Payments of interest on this Note due and payable on each Payment Date,
together with the installment of principal, if any, to the extent not in full
payment of this Note, shall be made by check mailed to the Person whose name
appears as the Registered Holder of this Note (or one or more Predecessor Notes)
on the Note Register as of the close of business on each Record Date, except
that with respect to Notes registered on the Record Date in the name of the
nominee of the Depository Agency (initially, such nominee to be Cede & Co.),
payments will be made by wire transfer in immediately available funds to the
account designated by such nominee. Such checks shall be mailed to the Person
entitled thereto at the address of such Person as it appears on the Note
Register as of the applicable Record Date without requiring that this Note be
submitted for notation of payment.

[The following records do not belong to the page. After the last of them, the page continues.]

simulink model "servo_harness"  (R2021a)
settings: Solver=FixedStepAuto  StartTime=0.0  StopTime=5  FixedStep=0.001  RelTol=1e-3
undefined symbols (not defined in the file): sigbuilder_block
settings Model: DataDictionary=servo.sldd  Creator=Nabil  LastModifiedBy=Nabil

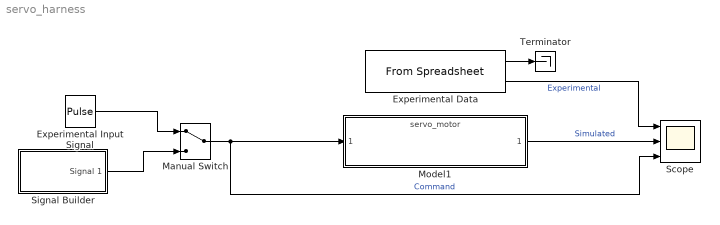
== system servo_harness ==
  Experimental Data : FromSpreadsheet  FileName=data3.csv  SheetName=data3
  Experimental Input Signal : DiscretePulseGenerator  PulseType=Time based  Amplitude=90  PulseWidth=50  PhaseDelay=0.615  VectorParams1D=off
  Manual Switch : ManualSwitch
  Model1 : ModelReference  ModelNameDialog=servo_motor.slx  SimulationMode=Normal  ModelReferenceVersion=8.14
  Scope : Scope  NumInputPorts=3
  Signal Builder : Subsystem  Tag=STV Subsys  LoadFcn=sigbuilder_block('load');  StartFcn=sigbuilder_block('start');  StopFcn=sigbuilder_block('stop');  ClipboardFcn=sigbuilder_block('clipboard');  mask(Sigbuilder block){tuvar=[0:10]}
      mask help: Simulink:masks:SigbuilderBlock_MD
      mask init:
      | if ~strcmp(get_param(bdroot(gcbh),'SimulationStatus'),'stopped') tuvar = sigbuilder_block('maskInit'); end
      settings: CopyFcn=sigbuilder_block('copy');  DeleteFcn=sigbuilder_block('delete');  ModelCloseFcn=sigbuilder_block('modelClose');  PreSaveFcn=sigbuilder_block('preSave');  PauseFcn=sigbuilder_block('pause');  ContinueFcn=sigbuilder_block('continue');  NameChangeFcn=sigbuilder_block('namechange');  OpenFcn=sigbuilder_block('open',[437.6 199.2 550.4 400 ]);  CloseFcn=sigbuilder_block('close');
      mask Display: plot(0, 0, 100, 100,[2, 2, 32, 32, 2], [68, 8, 8, 68, 68],[32, 2], [38, 38], [32, 19, 2],[53, 60, 44], [32, 17, 17, 2],[16, 16, 31, 31]);txt = getActiveGroup(gcbh);text(2, 100, txt,'verticalAlignment', 'top');
  Terminator : Terminator
  wires:
  Model1/1 -> Scope/2  "Simulated"
  Experimental Input Signal/1 -> Manual Switch/1
  Manual Switch/1 -> Scope/3, Model1/1  "Command"
  Signal Builder/1(Signal 1) -> Manual Switch/2
  Experimental Data/2 -> Scope/1  "Experimental"
  Experimental Data/1 -> Terminator/1

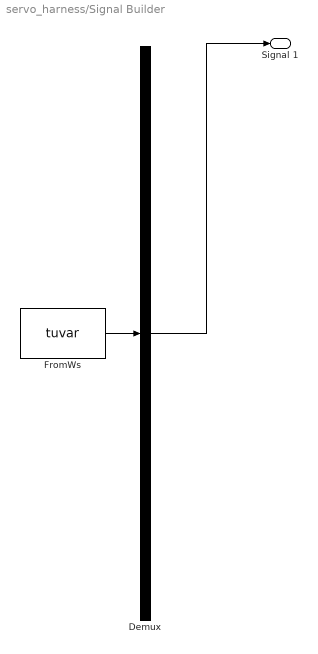
== system servo_harness/Signal Builder ==
  Demux : Demux  Tag=STV Demux  Outputs=1
      settings: DisplayOption=none
  FromWs : FromWorkspace  Tag=STV FromWs  VariableName=tuvar
      SigBuilderData=|
      | common.afterFinalStr = 'Extrapolate'
      | common.sampleTime = 0
      | dataSet.timeRange = [0 10]
      | dataSet.name = 'Group 1'
      | sbobj.Groups.Name = 'Group 1'
      | sbobj.Groups.Signals.Name = 'Signal 1'
      | sbobj.Groups.Signals.XData = [0 2.48 4.62 4.94 4.94 7.28 7.28 7.9 10]
      | sbobj.Groups.Signals.YData = [-0.01 8.8 2.2 0.5 4.5 15 2.5 5.4 0]
  Signal 1 : Outport  Tag=STV Outport
  wires:
  Demux/1 -> Signal 1/1
  FromWs/1 -> Demux/1

Any reduction in the principal amount of this
Note (or any one or more Predecessor Notes) effected by any payments made on any
Payment Date shall be binding upon all future holders of this Note and of any
Note issued upon the registration of transfer hereof or in exchange hereof or in
lieu hereof, whether or not noted hereon. If funds are expected to be available,
as provided in the Indenture, for payment in full of the then remaining unpaid
principal amount of this Note on a Payment Date, then the Indenture Trustee, in
the name of and on behalf of the Issuer, will notify the Person who was the
Registered Holder hereof as of the Record Date with respect to the preceding
such Payment Date by notice mailed or transmitted by facsimile prior to such
Payment Date, and the amount then due and payable shall be payable only upon
presentation and surrender of this Note at the address specified in such notice
of final payment.
As provided in the Indenture and subject to certain limitations set
forth therein, the transfer of this Note may be registered on the Note Register
upon surrender of this Note for registration of transfer at the Corporate Trust
Office, duly endorsed by, or accompanied by a written instrument of transfer in
form satisfactory to the Indenture Trustee duly executed by, the holder hereof
or such holder's attorney duly authorized in writing, with such signature
guaranteed by an "eligible guarantor institution" meeting the requirements of
the Note Registrar, which requirements include membership or participation in
the Securities Transfer Agent's Medallion Program ("STAMP") or such other
"signature guarantee program" as may be determined by the Note Registrar in
addition to, or in substitution for, STAMP, all in accordance with the
Securities Exchange Act of 1934, as amended, and thereupon one or more new Notes
in authorized denominations and in the same aggregate principal amount will be
issued to the designated transferee or transferees. No service charge will be
charged for any registration of transfer or exchange of this Note, but the Note
Registrar shall require payment of a sum sufficient to cover any tax or
governmental charge that may be imposed in connection with any registration of
transfer or exchange of this Note.
Each Holder or Beneficial Owner of a Note, by acceptance of a Note, or,
in the case of a Beneficial Owner of a Note, a security entitlement to a Note,
covenants and agrees that no recourse may be taken, directly or indirectly, with
respect to the obligations of the Issuer, the Owner Trustee, the Seller, the
Servicer, the Depositor or the Indenture Trustee on the Notes or under the
Indenture or any certificate or other writing delivered in connection therewith,
against (i) the Indenture Trustee or the Owner Trustee in its individual
capacity, (ii) any owner of a beneficial interest in the Issuer or (iii) any
partner, owner, beneficiary, agent, officer, director or employee of the
Indenture Trustee or the Owner Trustee in its individual capacity, any holder of
a beneficial interest in the Issuer, the Owner Trustee or the Indenture Trustee
or of any successor or assign of the Indenture Trustee or the Owner Trustee in
its individual capacity, except as any such Person may have expressly agreed.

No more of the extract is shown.